Tampoco se distingue entre comerciantes y no comerciantes, sin perjuicio de las especialidades propias del estatuto jurídico de los comerciantes, en esencia, la obligación de llevanza de contabilidad y de su inscripción en el Registro Mercantil, además, de la existencia en la masa activa de unidades productivas de bienes o servicios que son tenidas en cuenta a lo largo de toda la regulación Asimismo, como hemos indicado, se instaura un único procedimiento, que sustituye a los viejos procesos concursales (quiebra, suspensión de pagos, concurso de acreedores y quita y espera), bajo el nombre común de concurso, expresión clásica que, como pone de manifiesto la exposición de motivos de la Ley, que se toma de los tratadistas españoles del siglo XVII, fundamentalmente de Amador Rodríguez (Tractatus de concursu, 1.616) y de Francisco Salgado (Labyrinthus creditorum concurrentium, 1.646).

En esencia, declarado el concurso el procedimiento se desarrolla en dos fases:

  1. a) la denominada fase común que tiene por objeto la formación de la masa activa y pasiva del concurso. La masa activa está integrada por la totalidad de los bienes y derechos del deudor a la fecha de la declaración del concurso y los que se reintegren al mismo o adquiera hasta la conclusión del procedimiento, con excepción de los inembargables. La masa pasiva se compone por la totalidad de los créditos contra el deudor que no sean créditos contra la masa; y...

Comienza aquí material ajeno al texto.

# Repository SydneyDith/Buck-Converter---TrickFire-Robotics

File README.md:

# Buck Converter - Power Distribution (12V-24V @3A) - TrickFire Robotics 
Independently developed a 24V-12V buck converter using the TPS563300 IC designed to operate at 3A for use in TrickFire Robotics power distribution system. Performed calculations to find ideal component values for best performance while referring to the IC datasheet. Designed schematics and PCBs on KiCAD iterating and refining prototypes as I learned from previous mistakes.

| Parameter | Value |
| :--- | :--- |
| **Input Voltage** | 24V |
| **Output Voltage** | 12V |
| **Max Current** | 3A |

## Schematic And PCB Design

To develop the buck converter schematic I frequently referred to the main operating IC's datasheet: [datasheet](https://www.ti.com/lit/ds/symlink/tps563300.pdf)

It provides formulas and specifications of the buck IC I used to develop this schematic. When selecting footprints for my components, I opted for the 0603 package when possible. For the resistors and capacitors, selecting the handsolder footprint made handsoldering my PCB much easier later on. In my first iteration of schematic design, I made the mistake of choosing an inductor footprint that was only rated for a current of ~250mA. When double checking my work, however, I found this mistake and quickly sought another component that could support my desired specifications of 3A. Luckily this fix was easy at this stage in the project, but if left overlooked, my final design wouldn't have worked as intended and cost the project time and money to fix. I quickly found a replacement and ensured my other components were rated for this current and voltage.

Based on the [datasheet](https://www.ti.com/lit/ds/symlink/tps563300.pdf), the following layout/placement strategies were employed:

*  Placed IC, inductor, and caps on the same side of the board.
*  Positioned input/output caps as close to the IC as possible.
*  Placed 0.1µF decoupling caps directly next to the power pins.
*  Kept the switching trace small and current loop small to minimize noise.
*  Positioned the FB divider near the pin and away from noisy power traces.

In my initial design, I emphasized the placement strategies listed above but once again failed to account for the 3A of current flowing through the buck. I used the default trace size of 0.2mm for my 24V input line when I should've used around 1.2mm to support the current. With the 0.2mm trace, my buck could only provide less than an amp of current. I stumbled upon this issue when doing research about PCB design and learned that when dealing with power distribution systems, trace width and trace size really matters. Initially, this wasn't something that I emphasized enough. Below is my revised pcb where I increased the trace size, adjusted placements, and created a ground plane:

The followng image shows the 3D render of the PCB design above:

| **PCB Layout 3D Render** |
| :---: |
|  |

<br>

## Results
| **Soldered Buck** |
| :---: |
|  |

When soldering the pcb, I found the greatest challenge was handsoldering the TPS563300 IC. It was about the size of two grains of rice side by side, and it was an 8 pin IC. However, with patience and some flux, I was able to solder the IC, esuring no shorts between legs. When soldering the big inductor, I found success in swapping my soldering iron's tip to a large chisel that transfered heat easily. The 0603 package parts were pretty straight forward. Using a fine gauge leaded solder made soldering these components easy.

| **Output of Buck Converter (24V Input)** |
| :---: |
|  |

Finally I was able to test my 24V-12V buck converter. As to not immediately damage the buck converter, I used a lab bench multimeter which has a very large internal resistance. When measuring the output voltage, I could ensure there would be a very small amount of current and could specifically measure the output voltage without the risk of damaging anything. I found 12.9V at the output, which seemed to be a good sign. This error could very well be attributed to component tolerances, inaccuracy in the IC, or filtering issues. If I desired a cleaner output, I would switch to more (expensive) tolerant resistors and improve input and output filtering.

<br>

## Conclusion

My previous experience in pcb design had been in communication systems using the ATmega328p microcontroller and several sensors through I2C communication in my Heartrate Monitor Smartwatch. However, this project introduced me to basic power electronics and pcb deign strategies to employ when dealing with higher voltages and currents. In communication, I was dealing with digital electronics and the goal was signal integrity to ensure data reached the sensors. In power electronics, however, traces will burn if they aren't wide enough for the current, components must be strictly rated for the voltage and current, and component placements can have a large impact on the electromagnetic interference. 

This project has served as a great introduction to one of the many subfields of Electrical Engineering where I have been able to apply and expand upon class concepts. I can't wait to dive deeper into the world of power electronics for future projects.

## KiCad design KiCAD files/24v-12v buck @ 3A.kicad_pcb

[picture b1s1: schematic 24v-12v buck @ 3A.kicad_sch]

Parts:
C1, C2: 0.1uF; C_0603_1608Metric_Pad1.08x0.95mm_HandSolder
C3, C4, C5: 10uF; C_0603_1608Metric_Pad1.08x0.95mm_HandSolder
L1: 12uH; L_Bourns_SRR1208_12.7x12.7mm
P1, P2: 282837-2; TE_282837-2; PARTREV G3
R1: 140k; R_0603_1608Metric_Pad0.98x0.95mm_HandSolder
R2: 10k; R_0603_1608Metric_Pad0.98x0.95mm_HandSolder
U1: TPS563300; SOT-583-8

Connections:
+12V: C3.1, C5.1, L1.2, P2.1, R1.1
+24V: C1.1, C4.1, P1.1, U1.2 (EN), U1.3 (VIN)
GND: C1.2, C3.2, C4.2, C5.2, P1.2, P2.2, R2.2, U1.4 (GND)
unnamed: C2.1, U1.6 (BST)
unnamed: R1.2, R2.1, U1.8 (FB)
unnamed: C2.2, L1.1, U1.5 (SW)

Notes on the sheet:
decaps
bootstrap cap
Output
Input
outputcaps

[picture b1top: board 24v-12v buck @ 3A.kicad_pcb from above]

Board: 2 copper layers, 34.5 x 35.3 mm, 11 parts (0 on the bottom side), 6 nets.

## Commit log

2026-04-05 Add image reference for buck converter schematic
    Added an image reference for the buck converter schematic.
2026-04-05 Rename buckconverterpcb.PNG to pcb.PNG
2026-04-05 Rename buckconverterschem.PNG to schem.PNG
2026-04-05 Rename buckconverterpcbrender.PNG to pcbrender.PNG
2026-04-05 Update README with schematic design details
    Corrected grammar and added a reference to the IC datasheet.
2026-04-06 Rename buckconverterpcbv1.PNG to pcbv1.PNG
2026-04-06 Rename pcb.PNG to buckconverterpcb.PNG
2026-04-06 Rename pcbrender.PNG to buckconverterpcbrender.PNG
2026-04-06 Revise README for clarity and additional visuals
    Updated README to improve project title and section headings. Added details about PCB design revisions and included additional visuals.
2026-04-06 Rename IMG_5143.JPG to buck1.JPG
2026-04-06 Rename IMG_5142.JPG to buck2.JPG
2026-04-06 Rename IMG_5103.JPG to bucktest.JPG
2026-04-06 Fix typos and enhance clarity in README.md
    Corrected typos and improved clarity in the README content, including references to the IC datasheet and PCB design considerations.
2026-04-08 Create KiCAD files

  2. b) la fase de convenio o liquidación. Concluida la fase común, el concurso puede desembocar en un convenio con los acreedores -que en caso de convenio anticipado se sustancia paralelamente a la fase común- cuyo contenido puede ser una rebaja de los créditos y/o un aplazamiento para su abono, o bien en la liquidación que consiste en la realización de los bienes del deudor común y pago a los acreedores hasta donde alcance el importe obtenido, todo ello conforme a las preferencias que correspondan a los créditos.